Certification Pusat Tenaga Malaysia (Malaysia Energy Centre) is
previously known as ZEO (Zero Energy Office)
Building - officially Malaysia’s first Green Building
Index (GBI) Certified Building. Currently, it is known
as GEO (Green Energy Office) Building. It is also
Malaysia’s first completed green-rated office
building. (Pusat Tenaga Malaysia, 2008)
Page | 4
BUILDING GREEN DESIGN STRATEGIES
The building is lit primarily by daylight, supplemented by electric lighting only during very dark and
overcast periods. Extensive active energy efficiency measures are implemented in the building in
order to reduce the need for electricity to an absolute minimum, without compromising the request
for comfortable temperature and humidity and adequate lighting. These measures include among
others high efficiency pumps and fans, and use of energy efficient office equipment.

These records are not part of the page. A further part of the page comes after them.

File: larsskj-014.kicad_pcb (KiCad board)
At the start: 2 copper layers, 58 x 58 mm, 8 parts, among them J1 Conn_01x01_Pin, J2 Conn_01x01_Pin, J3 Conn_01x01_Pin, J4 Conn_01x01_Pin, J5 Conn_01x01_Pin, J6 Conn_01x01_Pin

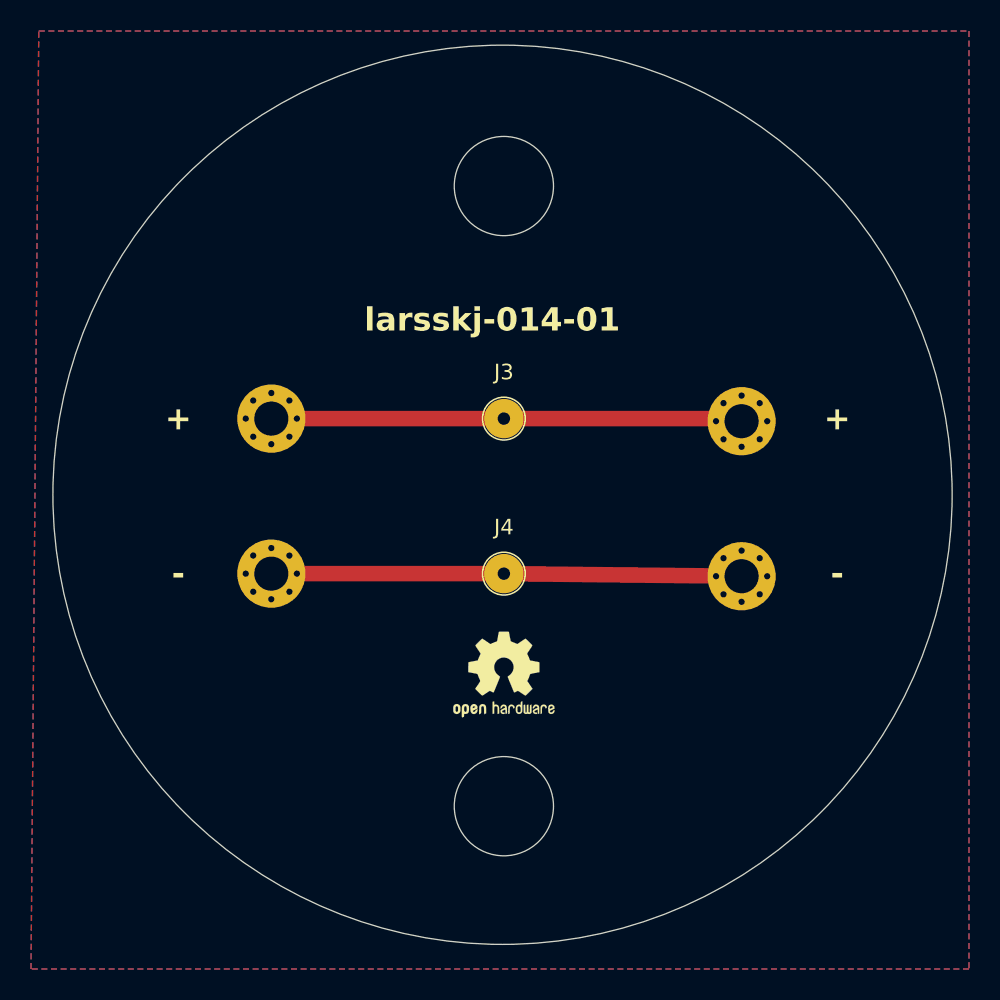
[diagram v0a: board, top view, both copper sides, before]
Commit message: Adjust to correct size.
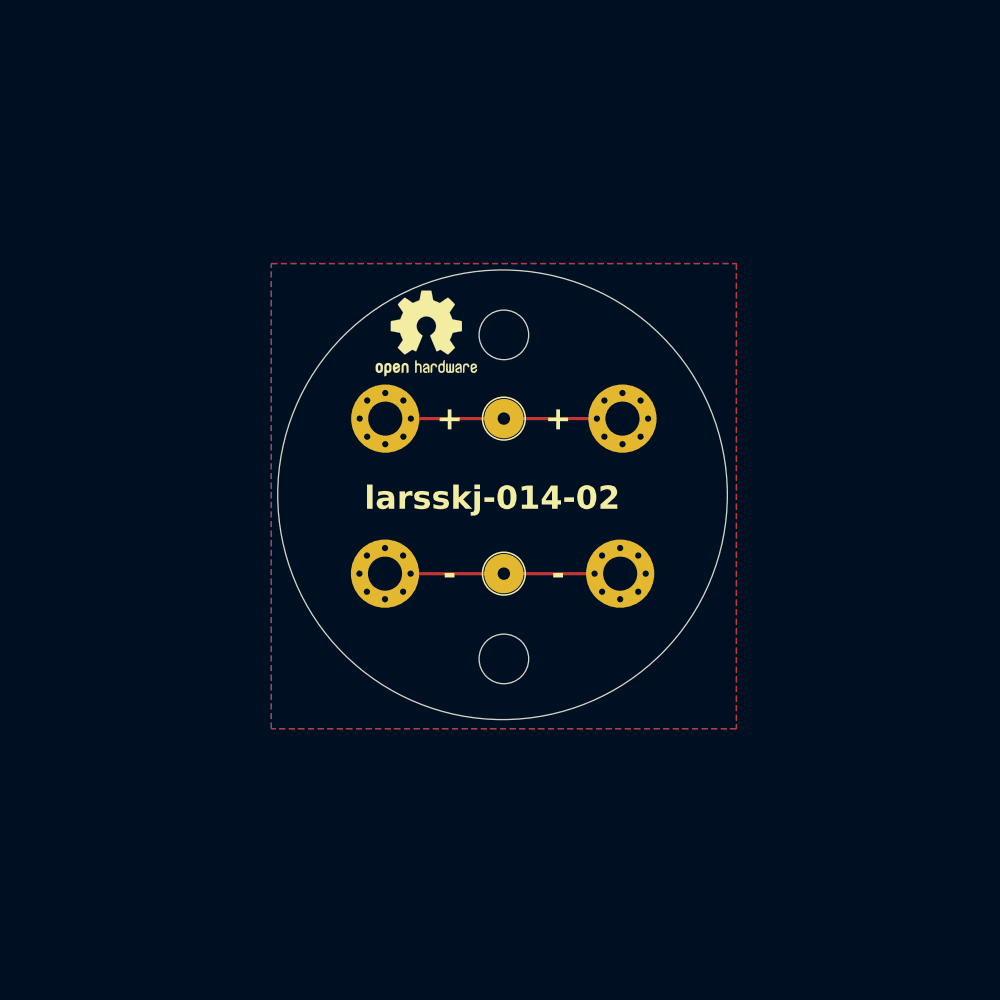
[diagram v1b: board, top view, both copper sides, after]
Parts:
- moved REF** 22.6 mm to (145.0, 89.5)
- moved REF** 22.6 mm to (155.0, 89.5)
- moved J6 7.84 mm to (157.5, 105.0)
- moved J5 7.69 mm to (157.7, 95.0)
- moved J1 7.35 mm to (142.3, 95.0)
- moved J2 7.33 mm to (142.3, 105.0)
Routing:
- net -VDC: track 0.00 -> 15.2 mm
- net +VDC: track 0.00 -> 13.7 mm
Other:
- board size 58 x 58 mm -> 29 x 29 mm
- board text added: "larsskj-014-02"
- board text removed: "larsskj-014-01"
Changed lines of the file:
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@@
 	(footprint "MountingHole:MountingHole_2.2mm_M2_Pad_Via"
 		(layer "F.Cu")
-		(at 165.333274 95.166726)
+		(at 157.65 95)
 		(descr "Mounting Hole 2.2mm, M2, generated by kicad-footprint-generator mountinghole.py")
 		(tags "mountinghole M2")
@@
 	(footprint "MountingHole:MountingHole_2.2mm_M2_Pad_Via"
 		(layer "F.Cu")
-		(at 135 95)
+		(at 142.35 95)
 		(descr "Mounting Hole 2.2mm, M2, generated by kicad-footprint-generator mountinghole.py")
 		(tags "mountinghole M2")
@@
 			(unlocked yes)
 			(layer "F.SilkS")
+			(hide yes)
 			(effects
 				(font
@@
 	(footprint "MountingHole:MountingHole_2.2mm_M2_Pad_Via"
 		(layer "F.Cu")
-		(at 165.333274 105.166726)
+		(at 157.5 105)
 		(descr "Mounting Hole 2.2mm, M2, generated by kicad-footprint-generator mountinghole.py")
 		(tags "mountinghole M2")
@@
 	(footprint "MountingHole:MountingHole_2.2mm_M2_Pad_Via"
 		(layer "F.Cu")
-		(at 135 105)
+		(at 142.333274 105)
 		(descr "Mounting Hole 2.2mm, M2, generated by kicad-footprint-generator mountinghole.py")
 		(tags "mountinghole M2")
@@
 			(unlocked yes)
 			(layer "F.SilkS")
+			(hide yes)
 			(effects
 				(font
@@
 	(footprint "Symbol:OSHW-Logo2_7.3x6mm_SilkScreen"
 		(layer "F.Cu")
-		(at 150 111.5)
+		(at 145 89.5)
 		(descr "Open Source Hardware Symbol")
 		(tags "Logo Symbol OSHW")
@@
 	(footprint "Symbol:OSHW-Logo2_7.3x6mm_SilkScreen"
 		(layer "B.Cu")
-		(at 150 111.5 180)
+		(at 155 89.5 180)
 		(descr "Open Source Hardware Symbol")
 		(tags "Logo Symbol OSHW")
@@
 		(embedded_fonts no)
 	)
-	(gr_line
-		(start 150 95)
-		(end 165.333274 95)
-		(stroke
-			(width 1)
-			(type solid)
-		)
-		(layer "F.Cu")
-		(net 1)
-	)
-	(gr_line
-		(start 150 105)
-		(end 165.333274 105.166726)
-		(stroke
-			(width 1)
-			(type solid)
-		)
-		(layer "F.Cu")
-		(net 2)
-	)
-	(gr_line
-		(start 135 105)
-		(end 150 105)
-		(stroke
-			(width 1)
-			(type solid)
-		)
-		(layer "F.Cu")
-		(net 2)
-	)
-	(gr_line
-		(start 135 95)
-		(end 150 95)
-		(stroke
-			(width 1)
-			(type solid)
-		)
-		(layer "F.Cu")
-		(net 1)
-	)
 	(gr_circle
-		(center 150 120)
-		(end 153.2 120)
+		(center 150 110.5)
+		(end 151.6 110.5)
 		(stroke
 			(width 0.05)
@@
 	)
 	(gr_circle
-		(center 150 80)
-		(end 153.2 80)
+		(center 150 89.6)
+		(end 151.6 89.6)
 		(stroke
 			(width 0.05)
@@
 	(gr_circle
 		(center 149.913217 99.913217)
-		(end 178.913217 99.913217)
+		(end 164.413217 99.913217)
 		(stroke
 			(width 0.05)
@@
 	)
 	(gr_text "+"
-		(at 171.5 95 0)
+		(at 153.5 95 0)
 		(layer "F.SilkS")
 		(effects
@@
 	)
 	(gr_text "-"
-		(at 129 105 0)
+		(at 146.5 105 0)
 		(layer "F.SilkS")
 		(effects
@@
 	)
 	(gr_text "+"
-		(at 129 95 0)
+		(at 146.5 95 0)
 		(layer "F.SilkS")
 		(effects
@@
 	)
 	(gr_text "-"
-		(at 171.5 105 0)
+		(at 153.5 105 0)
 		(layer "F.SilkS")
 		(effects
@@
 		)
 	)
-	(gr_text "larsskj-014-01"
-		(at 141 89.5 0)
+	(gr_text "larsskj-014-02"
+		(at 141 101 0)
 		(layer "F.SilkS")
 		(effects
@@
 	)
 	(gr_text "+"
-		(at 129 95 -0)
+		(at 146.5 95 -0)
 		(layer "B.SilkS")
 		(effects
@@
 		)
 	)
-	(gr_text "larsskj-014-01"
-		(at 159.5 89.5 0)
+	(gr_text "larsskj-014-02"
+		(at 159.5 101 0)
 		(layer "B.SilkS")
 		(effects
@@
 	)
 	(gr_text "-"
-		(at 171.5 105 -0)
+		(at 153.5 105 -0)
 		(layer "B.SilkS")
 		(effects
@@
 	)
 	(gr_text "+"
-		(at 171.5 95 -0)
+		(at 153.5 95 -0)
 		(layer "B.SilkS")
 		(effects
@@
 	)
 	(gr_text "-"
-		(at 129 105 -0)
+		(at 146.5 105 -0)
 		(layer "B.SilkS")
 		(effects
@@
 			(justify mirror)
 		)
+	)
+	(segment
+		(start 150 95)
+		(end 157.65 95)
+		(width 0.2)
+		(layer "F.Cu")
+		(net 1)
+	)
+	(segment
+		(start 144 95)
+		(end 150 95)
+		(width 0.2)
+		(layer "F.Cu")
+		(net 1)
+	)
+	(segment
+		(start 142.333274 105)
+		(end 150 105)
+		(width 0.2)
+		(layer "F.Cu")
+		(net 2)
+	)
+	(segment
+		(start 150 105)
+		(end 157.5 105)
+		(width 0.2)
+		(layer "F.Cu")
+		(net 2)
 	)
 	(zone
@@
 		(polygon
 			(pts
-				(xy 120 70) (xy 180 70) (xy 180 130.5) (xy 119.5 130.5)
-			)
-		)
+				(xy 135 85) (xy 165 85) (xy 165 115) (xy 135 115)
+			)
+		)

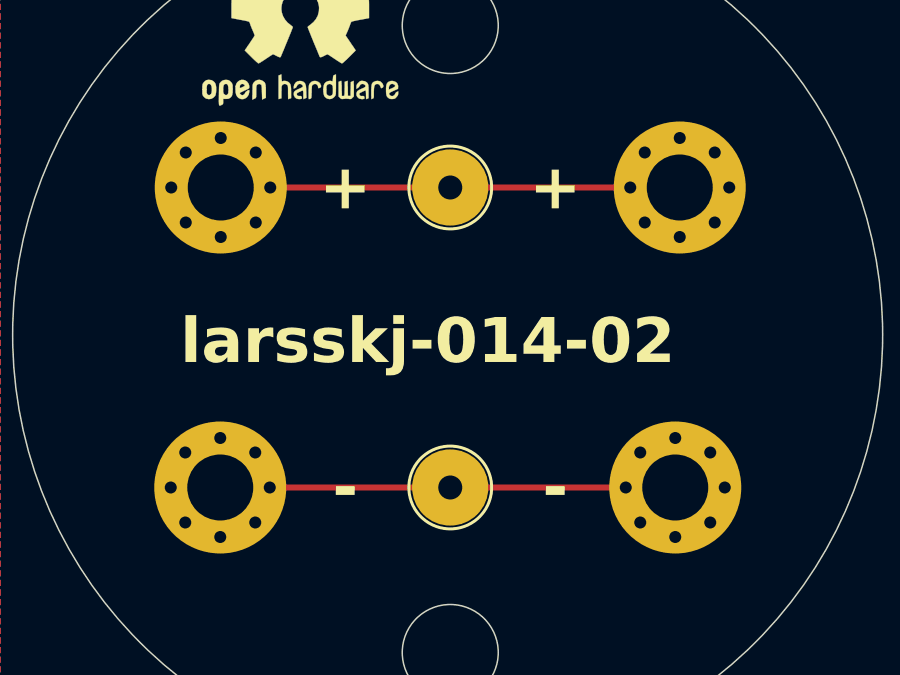
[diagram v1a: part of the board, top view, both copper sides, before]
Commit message: Widen tracks
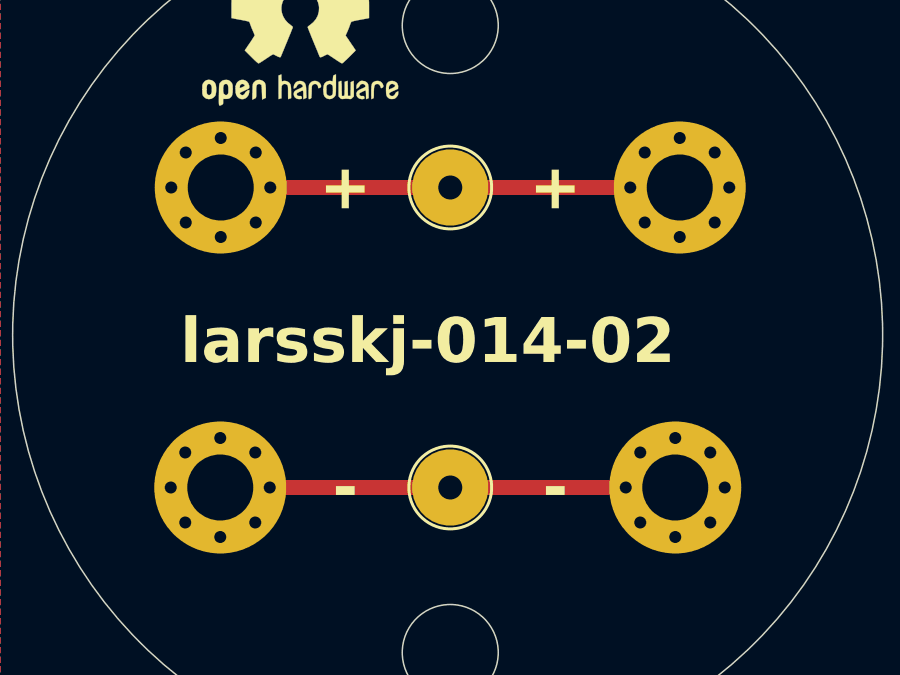
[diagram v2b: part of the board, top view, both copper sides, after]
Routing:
- net +VDC: track 13.7 -> 15.3 mm
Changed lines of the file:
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@@
 		(start 150 95)
 		(end 157.65 95)
-		(width 0.2)
+		(width 0.5)
 		(layer "F.Cu")
 		(net 1)
 	)
 	(segment
-		(start 144 95)
+		(start 142.35 95)
 		(end 150 95)
-		(width 0.2)
+		(width 0.5)
 		(layer "F.Cu")
 		(net 1)
@@
 		(start 142.333274 105)
 		(end 150 105)
-		(width 0.2)
+		(width 0.5)
 		(layer "F.Cu")
 		(net 2)
@@
 		(start 150 105)
 		(end 157.5 105)
-		(width 0.2)
+		(width 0.5)
 		(layer "F.Cu")
 		(net 2)

The GEO with its many innovative EE features is calculated to consume very little fossil fuels with a
designed building energy index ( BEI) of 65kWh/m2 year. Compared with others conventional office
building of 250-300 kWh/m2 year, GEO has proven its strategies. (Pusat Tenaga Malaysia, 2008)
The use of Renewable Energy ( RE) is also the significant feature of itself. The building incorporates
BiPV system which is architecturally and aesthetically integrated into building design.
GREEN DESIGN FEATURES: (Pusat Tenaga Malaysia, 2008)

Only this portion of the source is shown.